### What this task involves
Below are some records; quote exactly the lines from the one that contains "#158=CARTESIAN_POINT('',(0.,10.,0.));" through the one that contains "#225=AXIS2_PLACEMENT_3D('',#222,#223,#224);", inclusive, and no others.

### Input data
-*-
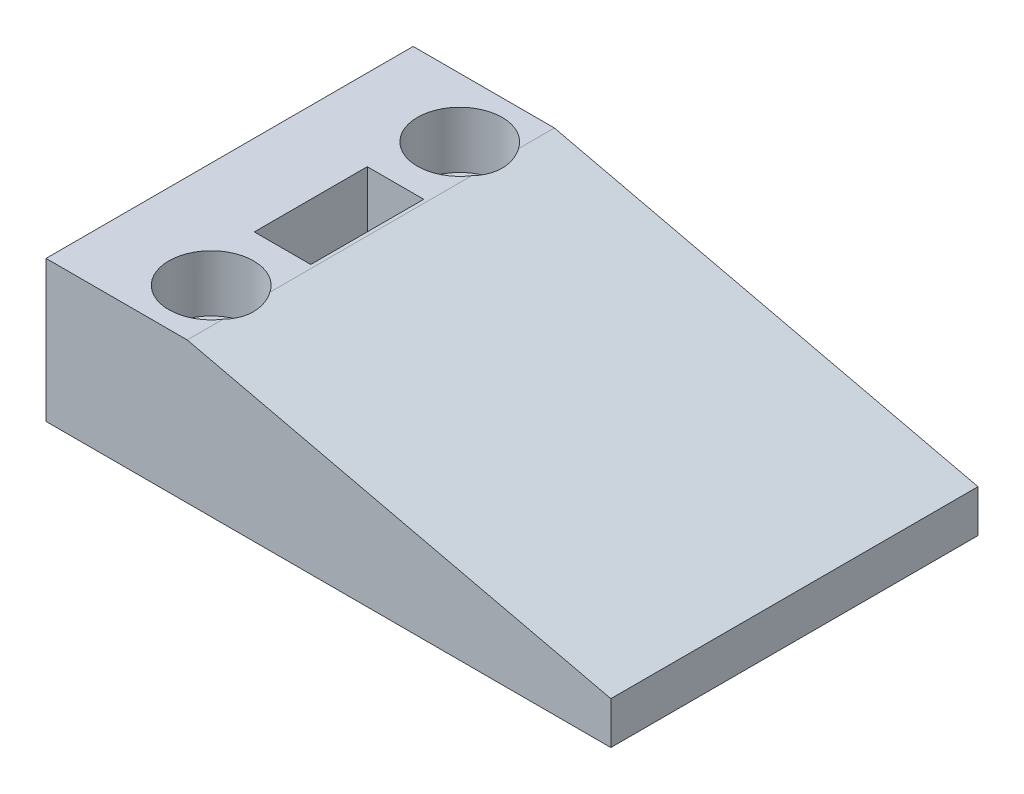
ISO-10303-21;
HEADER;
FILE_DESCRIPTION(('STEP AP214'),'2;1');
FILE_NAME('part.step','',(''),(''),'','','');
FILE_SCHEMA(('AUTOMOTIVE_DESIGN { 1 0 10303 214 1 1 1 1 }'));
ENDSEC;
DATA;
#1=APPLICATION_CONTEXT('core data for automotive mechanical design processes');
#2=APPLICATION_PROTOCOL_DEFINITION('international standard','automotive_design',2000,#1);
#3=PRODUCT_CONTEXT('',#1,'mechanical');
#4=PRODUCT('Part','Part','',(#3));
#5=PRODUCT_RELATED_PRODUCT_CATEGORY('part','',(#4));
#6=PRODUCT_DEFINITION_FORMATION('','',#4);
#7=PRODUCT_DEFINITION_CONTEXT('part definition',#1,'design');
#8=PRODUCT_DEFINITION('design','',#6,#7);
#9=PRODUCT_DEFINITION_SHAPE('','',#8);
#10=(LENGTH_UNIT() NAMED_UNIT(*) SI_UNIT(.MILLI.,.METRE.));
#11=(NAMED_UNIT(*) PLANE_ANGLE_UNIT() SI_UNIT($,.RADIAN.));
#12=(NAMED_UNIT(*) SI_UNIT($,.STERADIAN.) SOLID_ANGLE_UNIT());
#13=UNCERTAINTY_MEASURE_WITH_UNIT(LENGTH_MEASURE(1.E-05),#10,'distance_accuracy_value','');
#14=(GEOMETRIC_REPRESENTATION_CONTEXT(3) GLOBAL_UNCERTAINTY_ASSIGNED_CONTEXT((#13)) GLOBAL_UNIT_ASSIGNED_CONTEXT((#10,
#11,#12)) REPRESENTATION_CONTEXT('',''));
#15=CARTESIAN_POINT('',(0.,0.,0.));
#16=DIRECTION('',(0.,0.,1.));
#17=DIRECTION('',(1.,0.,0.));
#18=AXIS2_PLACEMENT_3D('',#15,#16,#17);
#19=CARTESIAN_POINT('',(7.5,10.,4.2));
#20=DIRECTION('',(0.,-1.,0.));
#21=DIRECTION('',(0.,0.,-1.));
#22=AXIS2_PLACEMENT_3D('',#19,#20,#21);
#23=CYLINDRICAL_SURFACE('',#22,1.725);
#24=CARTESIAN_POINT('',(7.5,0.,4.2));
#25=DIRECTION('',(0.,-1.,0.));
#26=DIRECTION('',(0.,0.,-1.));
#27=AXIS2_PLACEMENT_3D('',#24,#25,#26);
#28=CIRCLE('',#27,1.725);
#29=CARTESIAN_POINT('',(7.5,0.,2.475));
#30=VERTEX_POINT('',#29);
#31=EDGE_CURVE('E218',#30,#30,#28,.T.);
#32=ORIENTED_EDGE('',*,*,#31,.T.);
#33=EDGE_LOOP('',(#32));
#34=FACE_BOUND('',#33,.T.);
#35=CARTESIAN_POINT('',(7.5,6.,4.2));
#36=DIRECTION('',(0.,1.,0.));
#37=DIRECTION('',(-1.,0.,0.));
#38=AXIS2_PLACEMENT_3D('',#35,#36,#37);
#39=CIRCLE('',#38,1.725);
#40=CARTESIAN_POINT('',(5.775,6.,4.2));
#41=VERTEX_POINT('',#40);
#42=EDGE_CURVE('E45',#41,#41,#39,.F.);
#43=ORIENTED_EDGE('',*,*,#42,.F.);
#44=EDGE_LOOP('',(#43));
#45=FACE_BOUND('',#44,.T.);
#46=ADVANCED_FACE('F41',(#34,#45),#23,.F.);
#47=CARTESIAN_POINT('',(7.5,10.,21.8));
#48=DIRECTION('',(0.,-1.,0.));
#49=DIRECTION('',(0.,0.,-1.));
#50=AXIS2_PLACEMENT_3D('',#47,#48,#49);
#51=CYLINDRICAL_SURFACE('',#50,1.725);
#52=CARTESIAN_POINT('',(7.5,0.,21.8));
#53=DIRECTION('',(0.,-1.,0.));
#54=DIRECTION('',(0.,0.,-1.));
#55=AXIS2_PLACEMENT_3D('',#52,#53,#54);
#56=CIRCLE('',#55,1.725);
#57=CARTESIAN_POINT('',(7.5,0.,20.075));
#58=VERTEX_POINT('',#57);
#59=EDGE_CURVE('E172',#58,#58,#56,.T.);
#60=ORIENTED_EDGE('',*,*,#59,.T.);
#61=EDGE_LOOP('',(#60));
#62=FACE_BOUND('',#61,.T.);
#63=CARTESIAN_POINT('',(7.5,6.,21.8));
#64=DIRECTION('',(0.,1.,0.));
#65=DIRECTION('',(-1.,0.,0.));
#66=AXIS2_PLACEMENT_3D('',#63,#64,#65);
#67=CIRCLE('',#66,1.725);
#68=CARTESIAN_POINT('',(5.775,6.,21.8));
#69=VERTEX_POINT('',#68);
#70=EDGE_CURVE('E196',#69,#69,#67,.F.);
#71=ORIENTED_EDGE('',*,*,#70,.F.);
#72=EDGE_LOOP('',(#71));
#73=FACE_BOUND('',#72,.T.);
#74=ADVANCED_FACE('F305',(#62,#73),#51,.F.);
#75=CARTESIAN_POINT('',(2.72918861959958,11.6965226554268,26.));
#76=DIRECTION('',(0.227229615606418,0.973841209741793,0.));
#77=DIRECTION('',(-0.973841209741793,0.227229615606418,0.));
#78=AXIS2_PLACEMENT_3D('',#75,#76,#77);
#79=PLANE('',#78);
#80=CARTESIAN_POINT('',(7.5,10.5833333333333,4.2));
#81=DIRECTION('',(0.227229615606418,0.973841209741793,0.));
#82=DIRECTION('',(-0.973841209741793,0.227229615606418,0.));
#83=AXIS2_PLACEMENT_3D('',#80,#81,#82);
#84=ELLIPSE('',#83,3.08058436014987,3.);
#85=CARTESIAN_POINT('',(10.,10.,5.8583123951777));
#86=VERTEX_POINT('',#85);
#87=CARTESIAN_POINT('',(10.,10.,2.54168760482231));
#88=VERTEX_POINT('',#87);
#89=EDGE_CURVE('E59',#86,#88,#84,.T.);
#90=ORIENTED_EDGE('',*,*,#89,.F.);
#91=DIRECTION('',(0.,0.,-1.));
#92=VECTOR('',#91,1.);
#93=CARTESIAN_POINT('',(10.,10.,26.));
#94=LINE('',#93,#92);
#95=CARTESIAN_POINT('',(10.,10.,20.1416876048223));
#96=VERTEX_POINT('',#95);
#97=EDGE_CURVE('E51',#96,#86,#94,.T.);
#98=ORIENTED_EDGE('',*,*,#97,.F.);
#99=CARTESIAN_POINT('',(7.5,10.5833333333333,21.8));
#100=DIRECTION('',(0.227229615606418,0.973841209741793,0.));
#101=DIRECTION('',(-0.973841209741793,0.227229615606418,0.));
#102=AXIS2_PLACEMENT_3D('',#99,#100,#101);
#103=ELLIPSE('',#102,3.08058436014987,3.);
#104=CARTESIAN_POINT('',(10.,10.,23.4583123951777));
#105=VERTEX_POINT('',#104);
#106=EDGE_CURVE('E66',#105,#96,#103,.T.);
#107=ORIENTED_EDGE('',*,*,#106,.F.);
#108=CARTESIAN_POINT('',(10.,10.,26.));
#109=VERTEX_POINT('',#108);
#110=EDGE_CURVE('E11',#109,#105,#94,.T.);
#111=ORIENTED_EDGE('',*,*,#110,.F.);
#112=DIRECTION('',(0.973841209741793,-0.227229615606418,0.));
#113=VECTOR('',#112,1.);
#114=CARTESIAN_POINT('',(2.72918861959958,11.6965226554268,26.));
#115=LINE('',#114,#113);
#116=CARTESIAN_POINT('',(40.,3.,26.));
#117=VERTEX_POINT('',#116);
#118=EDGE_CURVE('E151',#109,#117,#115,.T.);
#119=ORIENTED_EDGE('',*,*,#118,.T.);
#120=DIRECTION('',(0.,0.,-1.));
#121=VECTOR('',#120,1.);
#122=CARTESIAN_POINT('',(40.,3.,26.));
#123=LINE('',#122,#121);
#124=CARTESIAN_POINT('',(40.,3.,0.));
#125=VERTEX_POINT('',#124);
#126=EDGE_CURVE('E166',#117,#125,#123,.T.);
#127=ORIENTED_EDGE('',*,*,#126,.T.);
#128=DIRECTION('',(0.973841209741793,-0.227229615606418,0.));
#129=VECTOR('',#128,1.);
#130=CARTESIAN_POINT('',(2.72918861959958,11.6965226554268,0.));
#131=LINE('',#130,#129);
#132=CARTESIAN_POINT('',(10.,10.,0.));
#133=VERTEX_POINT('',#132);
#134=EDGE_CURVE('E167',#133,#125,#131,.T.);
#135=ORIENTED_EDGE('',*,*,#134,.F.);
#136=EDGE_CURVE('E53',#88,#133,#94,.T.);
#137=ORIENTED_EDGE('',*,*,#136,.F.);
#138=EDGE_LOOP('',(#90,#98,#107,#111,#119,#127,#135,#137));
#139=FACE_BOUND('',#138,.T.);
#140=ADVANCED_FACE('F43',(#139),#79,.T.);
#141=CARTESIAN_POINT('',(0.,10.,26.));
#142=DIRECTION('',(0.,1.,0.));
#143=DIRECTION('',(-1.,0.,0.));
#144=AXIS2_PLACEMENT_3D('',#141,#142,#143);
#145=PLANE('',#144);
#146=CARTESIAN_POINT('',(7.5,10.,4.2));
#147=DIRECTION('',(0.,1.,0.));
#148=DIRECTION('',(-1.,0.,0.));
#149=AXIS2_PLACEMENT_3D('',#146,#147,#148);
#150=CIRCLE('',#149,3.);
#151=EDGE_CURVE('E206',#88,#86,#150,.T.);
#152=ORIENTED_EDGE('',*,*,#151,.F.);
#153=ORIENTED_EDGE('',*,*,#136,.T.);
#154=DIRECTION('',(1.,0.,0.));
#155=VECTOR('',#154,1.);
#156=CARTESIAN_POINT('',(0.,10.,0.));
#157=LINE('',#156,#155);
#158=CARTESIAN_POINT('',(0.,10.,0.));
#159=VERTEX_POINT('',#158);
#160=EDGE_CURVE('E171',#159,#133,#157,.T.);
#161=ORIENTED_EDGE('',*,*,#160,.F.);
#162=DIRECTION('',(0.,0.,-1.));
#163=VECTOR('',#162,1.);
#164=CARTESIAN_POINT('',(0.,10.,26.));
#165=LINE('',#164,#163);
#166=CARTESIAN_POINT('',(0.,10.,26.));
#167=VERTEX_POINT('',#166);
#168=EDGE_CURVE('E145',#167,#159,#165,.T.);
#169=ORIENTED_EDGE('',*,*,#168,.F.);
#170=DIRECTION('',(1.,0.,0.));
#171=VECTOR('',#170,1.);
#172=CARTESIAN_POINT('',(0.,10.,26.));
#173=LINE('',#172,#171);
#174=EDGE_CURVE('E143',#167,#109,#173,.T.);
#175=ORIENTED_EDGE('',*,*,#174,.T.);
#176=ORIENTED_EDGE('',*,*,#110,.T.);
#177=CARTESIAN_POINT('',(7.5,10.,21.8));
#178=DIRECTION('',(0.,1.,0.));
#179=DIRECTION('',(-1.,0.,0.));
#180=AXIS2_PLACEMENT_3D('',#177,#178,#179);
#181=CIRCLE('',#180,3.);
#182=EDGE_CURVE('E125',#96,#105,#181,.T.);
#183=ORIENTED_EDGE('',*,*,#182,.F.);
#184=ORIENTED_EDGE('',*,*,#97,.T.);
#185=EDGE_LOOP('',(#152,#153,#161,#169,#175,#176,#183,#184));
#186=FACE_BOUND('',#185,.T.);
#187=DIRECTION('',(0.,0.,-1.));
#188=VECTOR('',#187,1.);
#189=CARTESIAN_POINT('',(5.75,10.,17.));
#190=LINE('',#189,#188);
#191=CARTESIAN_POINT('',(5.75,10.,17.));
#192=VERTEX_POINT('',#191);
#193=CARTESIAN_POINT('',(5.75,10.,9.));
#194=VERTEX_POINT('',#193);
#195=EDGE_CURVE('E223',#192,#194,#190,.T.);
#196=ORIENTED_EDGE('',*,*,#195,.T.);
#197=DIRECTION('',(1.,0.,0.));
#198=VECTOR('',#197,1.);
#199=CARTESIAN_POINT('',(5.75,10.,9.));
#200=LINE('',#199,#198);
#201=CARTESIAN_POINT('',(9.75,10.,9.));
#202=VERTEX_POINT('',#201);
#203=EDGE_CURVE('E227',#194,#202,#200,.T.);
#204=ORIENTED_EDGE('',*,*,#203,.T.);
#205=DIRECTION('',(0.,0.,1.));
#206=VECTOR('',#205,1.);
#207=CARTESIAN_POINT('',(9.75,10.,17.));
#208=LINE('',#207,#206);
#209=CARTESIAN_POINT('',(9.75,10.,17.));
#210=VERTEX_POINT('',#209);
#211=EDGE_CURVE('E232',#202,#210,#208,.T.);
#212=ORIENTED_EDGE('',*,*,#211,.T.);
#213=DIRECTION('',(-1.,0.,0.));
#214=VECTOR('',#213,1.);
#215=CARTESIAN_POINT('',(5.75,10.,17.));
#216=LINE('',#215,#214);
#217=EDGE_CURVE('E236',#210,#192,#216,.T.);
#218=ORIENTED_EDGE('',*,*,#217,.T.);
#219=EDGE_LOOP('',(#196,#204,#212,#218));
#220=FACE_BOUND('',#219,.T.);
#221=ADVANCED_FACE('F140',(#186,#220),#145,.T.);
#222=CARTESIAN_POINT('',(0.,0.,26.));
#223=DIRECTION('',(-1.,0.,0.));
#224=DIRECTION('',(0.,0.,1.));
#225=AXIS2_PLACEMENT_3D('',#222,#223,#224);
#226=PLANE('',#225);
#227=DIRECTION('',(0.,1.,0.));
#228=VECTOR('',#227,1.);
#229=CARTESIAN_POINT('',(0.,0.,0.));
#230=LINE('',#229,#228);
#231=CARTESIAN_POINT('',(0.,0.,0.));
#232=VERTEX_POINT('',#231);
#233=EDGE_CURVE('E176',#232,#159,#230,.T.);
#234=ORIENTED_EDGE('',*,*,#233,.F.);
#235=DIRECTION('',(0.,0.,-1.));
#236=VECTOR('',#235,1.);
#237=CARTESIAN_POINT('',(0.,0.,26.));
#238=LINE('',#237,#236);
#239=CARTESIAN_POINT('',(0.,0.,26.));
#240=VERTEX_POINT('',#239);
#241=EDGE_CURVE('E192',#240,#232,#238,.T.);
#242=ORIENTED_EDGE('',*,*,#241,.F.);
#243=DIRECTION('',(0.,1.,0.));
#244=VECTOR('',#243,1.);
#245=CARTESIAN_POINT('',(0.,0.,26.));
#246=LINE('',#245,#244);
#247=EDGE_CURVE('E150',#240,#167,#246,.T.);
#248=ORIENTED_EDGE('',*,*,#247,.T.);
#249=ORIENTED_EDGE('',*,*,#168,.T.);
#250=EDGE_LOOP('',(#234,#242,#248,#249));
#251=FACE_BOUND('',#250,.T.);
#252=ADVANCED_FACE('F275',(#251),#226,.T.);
-*-
### Result below
#158=CARTESIAN_POINT('',(0.,10.,0.));
#159=VERTEX_POINT('',#158);
#160=EDGE_CURVE('E171',#159,#133,#157,.T.);
#161=ORIENTED_EDGE('',*,*,#160,.F.);
#162=DIRECTION('',(0.,0.,-1.));
#163=VECTOR('',#162,1.);
#164=CARTESIAN_POINT('',(0.,10.,26.));
#165=LINE('',#164,#163);
#166=CARTESIAN_POINT('',(0.,10.,26.));
#167=VERTEX_POINT('',#166);
#168=EDGE_CURVE('E145',#167,#159,#165,.T.);
#169=ORIENTED_EDGE('',*,*,#168,.F.);
#170=DIRECTION('',(1.,0.,0.));
#171=VECTOR('',#170,1.);
#172=CARTESIAN_POINT('',(0.,10.,26.));
#173=LINE('',#172,#171);
#174=EDGE_CURVE('E143',#167,#109,#173,.T.);
#175=ORIENTED_EDGE('',*,*,#174,.T.);
#176=ORIENTED_EDGE('',*,*,#110,.T.);
#177=CARTESIAN_POINT('',(7.5,10.,21.8));
#178=DIRECTION('',(0.,1.,0.));
#179=DIRECTION('',(-1.,0.,0.));
#180=AXIS2_PLACEMENT_3D('',#177,#178,#179);
#181=CIRCLE('',#180,3.);
#182=EDGE_CURVE('E125',#96,#105,#181,.T.);
#183=ORIENTED_EDGE('',*,*,#182,.F.);
#184=ORIENTED_EDGE('',*,*,#97,.T.);
#185=EDGE_LOOP('',(#152,#153,#161,#169,#175,#176,#183,#184));
#186=FACE_BOUND('',#185,.T.);
#187=DIRECTION('',(0.,0.,-1.));
#188=VECTOR('',#187,1.);
#189=CARTESIAN_POINT('',(5.75,10.,17.));
#190=LINE('',#189,#188);
#191=CARTESIAN_POINT('',(5.75,10.,17.));
#192=VERTEX_POINT('',#191);
#193=CARTESIAN_POINT('',(5.75,10.,9.));
#194=VERTEX_POINT('',#193);
#195=EDGE_CURVE('E223',#192,#194,#190,.T.);
#196=ORIENTED_EDGE('',*,*,#195,.T.);
#197=DIRECTION('',(1.,0.,0.));
#198=VECTOR('',#197,1.);
#199=CARTESIAN_POINT('',(5.75,10.,9.));
#200=LINE('',#199,#198);
#201=CARTESIAN_POINT('',(9.75,10.,9.));
#202=VERTEX_POINT('',#201);
#203=EDGE_CURVE('E227',#194,#202,#200,.T.);
#204=ORIENTED_EDGE('',*,*,#203,.T.);
#205=DIRECTION('',(0.,0.,1.));
#206=VECTOR('',#205,1.);
#207=CARTESIAN_POINT('',(9.75,10.,17.));
#208=LINE('',#207,#206);
#209=CARTESIAN_POINT('',(9.75,10.,17.));
#210=VERTEX_POINT('',#209);
#211=EDGE_CURVE('E232',#202,#210,#208,.T.);
#212=ORIENTED_EDGE('',*,*,#211,.T.);
#213=DIRECTION('',(-1.,0.,0.));
#214=VECTOR('',#213,1.);
#215=CARTESIAN_POINT('',(5.75,10.,17.));
#216=LINE('',#215,#214);
#217=EDGE_CURVE('E236',#210,#192,#216,.T.);
#218=ORIENTED_EDGE('',*,*,#217,.T.);
#219=EDGE_LOOP('',(#196,#204,#212,#218));
#220=FACE_BOUND('',#219,.T.);
#221=ADVANCED_FACE('F140',(#186,#220),#145,.T.);
#222=CARTESIAN_POINT('',(0.,0.,26.));
#223=DIRECTION('',(-1.,0.,0.));
#224=DIRECTION('',(0.,0.,1.));
#225=AXIS2_PLACEMENT_3D('',#222,#223,#224);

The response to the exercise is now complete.